Cheers for the reply. The thermal store deal look rather complex doesn't it? I looked into bought thermal stores like this but my combi doesn't allow pre-heated water.

Regarding the 3-port valve. Do they usually have any non-return check valve in them? I wondered if it's definitely possible to have them work so instead of the usual set up of water flowing out to A or B they could flow in from A or B (combi or immersion)?[/b]
 
The thermal store deal look rather complex doesn't it? I looked into bought thermal stores like this but my combi doesn't allow pre-heated water.
Trust me, your combi boiler makes a thermal store look as complicated as a garden hosepipe ! The only difference is that you (as the user) never see all that complexity except when it breaks down.

As for that one you link to, it's not clear what's included there. 100l is not big enough to make effective use of decent sized panels, and for 100l it's quite a bit of cash to lay out.

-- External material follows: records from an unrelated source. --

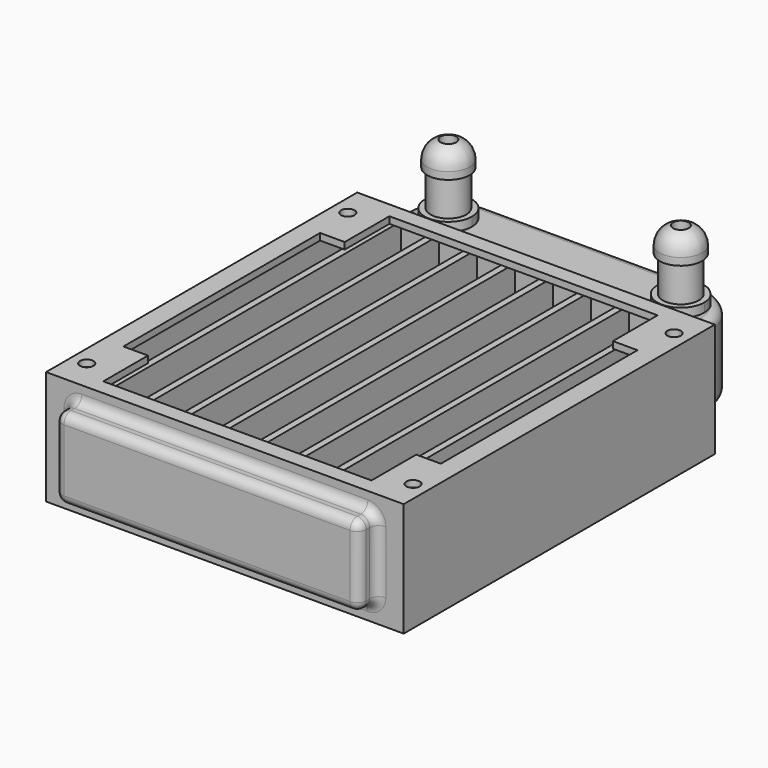
from build123d import *

# Parameters (mm, degrees)
F0_R      = 1.5
F1_DEPTH  = 1.5
F2_W      = 80
F2_H      = 87
F2_W_2    = 1.5
F2_H_2    = 80
F2_H_3    = 2
F3_DEPTH  = 22.5
F4_START  = 24
F4_DEPTH  = 1.5
F6_START  = -87
F5_W      = 68
F5_H      = 18
F6_DEPTH  = 5
F7_DEPTH  = 16
F8_R      = 10
F9_R      = 2
F10_R     = 4.75
F10_R_2   = 4
F11_DEPTH = 2
F10_R_3   = 1.75
F12_DEPTH = 10
F13_START = 10
F13_DEPTH = 5.5


# Not quite as in the source:
# - a fillet or chamfer that OpenCascade refuses, or shapes differently, is made with other operations: its cross-section is extruded or revolved along the edge and cut away or added


with BuildPart() as f1:
    # F0 (on Top) → F1 (new body)
    with BuildSketch(Plane.XY):
        Polygon((30, 43.5), (-40, 43.5), (-40, -43.5), (40, -43.5), (40, 27.5), (40, 43.5), align=None)
        with Locations((-36.5, -36.5)):
            Circle(F0_R, mode=Mode.SUBTRACT)
        with Locations((36.5, -36.5)):
            Circle(F0_R, mode=Mode.SUBTRACT)
        with Locations((-36.5, 36.5)):
            Circle(F0_R, mode=Mode.SUBTRACT)
        Polygon((30, 27.5), (35.5, 27.5), (35.5, -27.5), (30, -27.5), (30, -40), (-30, -40), (-30, -27.5), (-35.5, -27.5), (-35.5, 27.5), (-30, 27.5), (-30, 40), (30, 40), align=None, mode=Mode.SUBTRACT)
        with Locations((36.5, 36.5)):
            Circle(F0_R, mode=Mode.SUBTRACT)
    extrude(amount=F1_DEPTH)

    # F2 (on face) → F3 (join)
    with BuildSketch(Plane.XY.offset(1.5)):
        Rectangle(F2_W, F2_H)
        Polygon((-38.5, -42), (-38.5, 42), (-30.5, 42), (-29, 42), (-22, 42), (-20.5, 42), (-13.5, 42), (-12, 42), (-5, 42), (-3.5, 42), (3.5, 42), (5, 42), (12, 42), (13.5, 42), (20.5, 42), (22, 42), (29, 42), (30.5, 42), (38.5, 42), (38.5, -42), (30.5, -42), (29, -42), (22, -42), (20.5, -42), (13.5, -42), (12, -42), (5, -42), (3.5, -42), (-3.5, -42), (-5, -42), (-12, -42), (-13.5, -42), (-20.5, -42), (-22, -42), (-29, -42), (-30.5, -42), align=None, mode=Mode.SUBTRACT)
        Polygon((-30, 27.5), (-30.5, 27.5), (-30.5, -27.5), (-30, -27.5), (-30, -40), (-29, -40), (-29, 40), (-30, 40), align=None)
        Polygon((-29, 42), (-30.5, 42), (-30.5, 27.5), (-30, 27.5), (-30, 40), (-29, 40), align=None)
        with Locations((-21.25, 0)):
            Rectangle(F2_W_2, F2_H_2)
        with Locations((-12.75, 0)):
            Rectangle(F2_W_2, F2_H_2)
        with Locations((-4.25, 0)):
            Rectangle(F2_W_2, F2_H_2)
        with Locations((4.25, 0)):
            Rectangle(F2_W_2, F2_H_2)
        with Locations((12.75, 0)):
            Rectangle(F2_W_2, F2_H_2)
        with Locations((21.25, 0)):
            Rectangle(F2_W_2, F2_H_2)
        Polygon((30, 40), (29, 40), (29, -40), (30, -40), (30, -27.5), (30.5, -27.5), (30.5, 27.5), (30, 27.5), align=None)
        Polygon((29, -40), (29, -42), (30.5, -42), (30.5, -27.5), (30, -27.5), (30, -40), align=None)
        Polygon((30.5, 42), (29, 42), (29, 40), (30, 40), (30, 27.5), (30.5, 27.5), align=None)
        Polygon((-30.5, -27.5), (-30.5, -42), (-29, -42), (-29, -40), (-30, -40), (-30, -27.5), align=None)
        with Locations((21.25, -41)):
            Rectangle(F2_W_2, F2_H_3)
        with Locations((12.75, -41)):
            Rectangle(F2_W_2, F2_H_3)
        with Locations((-4.25, -41)):
            Rectangle(F2_W_2, F2_H_3)
        with Locations((4.25, -41)):
            Rectangle(F2_W_2, F2_H_3)
        with Locations((-12.75, -41)):
            Rectangle(F2_W_2, F2_H_3)
        with Locations((-21.25, -41)):
            Rectangle(F2_W_2, F2_H_3)
        with Locations((21.25, 41)):
            Rectangle(F2_W_2, F2_H_3)
        with Locations((12.75, 41)):
            Rectangle(F2_W_2, F2_H_3)
        with Locations((4.25, 41)):
            Rectangle(F2_W_2, F2_H_3)
        with Locations((-4.25, 41)):
            Rectangle(F2_W_2, F2_H_3)
        with Locations((-12.75, 41)):
            Rectangle(F2_W_2, F2_H_3)
        with Locations((-21.25, 41)):
            Rectangle(F2_W_2, F2_H_3)
    extrude(amount=F3_DEPTH)

    # F0 (on Top) → F4 (join)
    with BuildSketch(Plane.XY.offset(F4_START)):
        Polygon((30, 43.5), (-40, 43.5), (-40, -43.5), (40, -43.5), (40, 27.5), (40, 43.5), align=None)
        with Locations((-36.5, -36.5)):
            Circle(F0_R, mode=Mode.SUBTRACT)
        with Locations((36.5, -36.5)):
            Circle(F0_R, mode=Mode.SUBTRACT)
        with Locations((-36.5, 36.5)):
            Circle(F0_R, mode=Mode.SUBTRACT)
        Polygon((30, 27.5), (35.5, 27.5), (35.5, -27.5), (30, -27.5), (30, -40), (-30, -40), (-30, -27.5), (-35.5, -27.5), (-35.5, 27.5), (-30, 27.5), (-30, 40), (30, 40), align=None, mode=Mode.SUBTRACT)
        with Locations((36.5, 36.5)):
            Circle(F0_R, mode=Mode.SUBTRACT)
    extrude(amount=F4_DEPTH)

    # F5 (on face) → F6 (join)
    with BuildSketch(Plane(origin=(0, 43.5, 0), x_dir=(-1, 0, 0), z_dir=(0, 1, 0)).offset(F6_START)):
        with Locations((0, 12.75)):
            Rectangle(F5_W, F5_H)
    extrude(amount=-F6_DEPTH)

    # F5 (on face) → F7 (join)
    with BuildSketch(Plane(origin=(0, 43.5, 0), x_dir=(-1, 0, 0), z_dir=(0, 1, 0))):
        with Locations((0, 12.75)):
            Rectangle(F5_W, F5_H)
    extrude(amount=F7_DEPTH)

    # F8
    f8_edges = [f1.edges().sort_by_distance(p)[0] for p in [
        (34, 59.5, 12.75),
        (-34, 59.5, 12.75),
    ]]
    fillet(f8_edges, radius=F8_R)

    # F9
    f9_edges = [f1.edges().sort_by_distance(p)[0] for p in [
        (34, 46.5, 3.75),
        (31.071068, 56.571068, 3.75),
        (0, 43.5, 3.75),
        (0, 59.5, 3.75),
        (-34, 46.5, 3.75),
        (-31.071068, 56.571068, 3.75),
        (-34, 46.5, 21.75),
        (-31.071068, 56.571068, 21.75),
        (0, 43.5, 21.75),
        (0, 59.5, 21.75),
        (34, 46.5, 21.75),
        (31.071068, 56.571068, 21.75),
        (0, -48.5, 21.75),
        (34, -48.5, 12.75),
        (0, -48.5, 3.75),
        (-34, -48.5, 12.75),
        (0, -43.5, 21.75),
        (34, -43.5, 12.75),
        (0, -43.5, 3.75),
        (-34, -43.5, 12.75),
        (-34, -46, 21.75),
        (-34, -46, 3.75),
        (34, -46, 3.75),
        (34, -46, 21.75),
        (-34, 43.5, 12.75),
        (34, 43.5, 12.75),
    ]]
    fillet(f9_edges, radius=F9_R)

    # F10 (on face) → F11 (join)
    with BuildSketch(Plane.XY.offset(21.75)):
        with BuildLine():
            ThreePointArc((-30.6249429729, 53.9844320271), (-27.2809272798, 46.4086617374), (-20.75, 51.5))
            ThreePointArc((-20.75, 51.5), (-23.3056325549, 56.0058721765), (-28.4844320271, 56.1249429729))
            ThreePointArc((-28.4844320271, 56.1249429729), (-29.6568542495, 55.1568542495), (-30.6249429729, 53.9844320271))
        make_face()
        with Locations((-26, 51.5)):
            Circle(F10_R, mode=Mode.SUBTRACT)
        with Locations((-26, 51.5)):
            Circle(F10_R)
        with Locations((-26, 51.5)):
            Circle(F10_R_2, mode=Mode.SUBTRACT)
        with BuildLine():
            ThreePointArc((30.6249429729, 53.9844320271), (29.6568542495, 55.1568542495), (28.4844320271, 56.1249429729))
            ThreePointArc((28.4844320271, 56.1249429729), (21.4941278235, 48.8056325549), (31.25, 51.5))
            ThreePointArc((31.25, 51.5), (31.0913382626, 52.7809272798), (30.6249429729, 53.9844320271))
        make_face()
        with Locations((26, 51.5)):
            Circle(F10_R, mode=Mode.SUBTRACT)
        with Locations((26, 51.5)):
            Circle(F10_R)
        with Locations((26, 51.5)):
            Circle(F10_R_2, mode=Mode.SUBTRACT)
    extrude(amount=F11_DEPTH)

    # F10 (on face) → F12 (join)
    with BuildSketch(Plane.XY.offset(21.75)):
        with Locations((-26, 51.5)):
            Circle(F10_R_2)
        with Locations((-26, 51.5)):
            Circle(F10_R_3, mode=Mode.SUBTRACT)
        with Locations((26, 51.5)):
            Circle(F10_R_2)
        with Locations((26, 51.5)):
            Circle(F10_R_3, mode=Mode.SUBTRACT)
    extrude(amount=F12_DEPTH)

    # F10 (on face) → F13 (join)
    with BuildSketch(Plane.XY.offset(21.75).offset(F13_START)):
        with Locations((-26, 51.5)):
            Circle(F10_R)
        with Locations((-26, 51.5)):
            Circle(F10_R_2, mode=Mode.SUBTRACT)
        with Locations((26, 51.5)):
            Circle(F10_R)
        with Locations((26, 51.5)):
            Circle(F10_R_2, mode=Mode.SUBTRACT)
        with Locations((-26, 51.5)):
            Circle(F10_R_2)
        with Locations((-26, 51.5)):
            Circle(F10_R_3, mode=Mode.SUBTRACT)
        with Locations((26, 51.5)):
            Circle(F10_R_2)
        with Locations((26, 51.5)):
            Circle(F10_R_3, mode=Mode.SUBTRACT)
    extrude(amount=F13_DEPTH)

    # F14: fillet of radius 4 on 2 edges, made by hand

    # F14_s1 → F14_t2 (revolve, cut)
    with BuildSketch(Plane.XZ.offset(-51.5)):
        with BuildLine():
            ThreePointArc((-21.25, 33.3770166538), (-22.0877223398, 35.8265063966), (-24.25, 37.25))
            Line((-24.25, 37.25), (-21.25, 37.25))
            Line((-21.25, 37.25), (-21.25, 33.3770166538))
        make_face()
    revolve(axis=Axis((-26, 51.5, 37.25), (0, 0, 1)), mode=Mode.SUBTRACT)

    # F14_s3 → F14_t4 (revolve, cut)
    with BuildSketch(Plane.XZ.offset(-51.5)):
        with BuildLine():
            ThreePointArc((30.75, 33.3770166538), (29.9122776602, 35.8265063966), (27.75, 37.25))
            Line((27.75, 37.25), (30.75, 37.25))
            Line((30.75, 37.25), (30.75, 33.3770166538))
        make_face()
    revolve(axis=Axis((26, 51.5, 37.25), (0, 0, 1)), mode=Mode.SUBTRACT)


solid = f1.part

I would still suggest that if you want to get effective* use of your panels then you want a largish store (size depends on type and size of panels, and property size/occupancy) and ditch the combi option on the boiler. Just use the boiler to keep the store top sufficiently hot when there isn't enough solar input. Ideally, run the heating off the store as well - you can then run the heating with a modulating pump and TRVs on all rads as you don't need to worry about minimum flows through the boiler.
* Unless you only use hot water when the sun is shining, then you need sufficient storage to absorb whatever the panel produce when it's sunny, and allow you to use it when it's not. If the store is too small, then you'll end up not being able to capture all the heat, and then be using the boiler later when you run out.

In my view, a thermal store is most effective since you extract heat even from cool water at the bottom of the store - and thus you can extract the highest amount of energy from the solar panels The main downside is that the coil sets an upper limit on DHW flow rates/temperatures.
A heat bank can do the same in theory, but it needs more sophisticated controls than you get as standard - you need to throttle the primary flow to match DHW draw off rate so that the PHE can do it's job most effectively.
Regarding the 3-port valve. Do they usually have any non-return check valve in them? I wondered if it's definitely possible to have them work so instead of the usual set up of water flowing out to A or B they could flow in from A or B (combi or immersion)?[/b]
In general, a 3-port valve doesn't have check valves incorporated. You will need these in your arrangement to prevent cross flow between main and stored water as any means of backfeeding non-mains (and hence potentially non-potable) water into the mains is a big no-no.

in fact, I still don't see why something like this http://www.ukbathroomstore.co.uk/va...h-square-backplate-p-148378.html?currency=GBP (low pressure too so can accept immersion tank HW) can't be used assuming (like the 3-port motorised valve) that it can be used in reverse as 2xInput--1xOutput rather than 1in--2out
It would do (provided you add sufficient check valves) and you reduce your mains pressure. As I read it, max pressure is only 1 bar - but I'm sure there are other options. But as said before, I personally think a manual valve is a complete waste of time unless you are the only person in the house - anyone else will forget what it's for and just switch it back to the boiler the first time they get a cold shower. So you'll not get to use any of the solar heated hot water.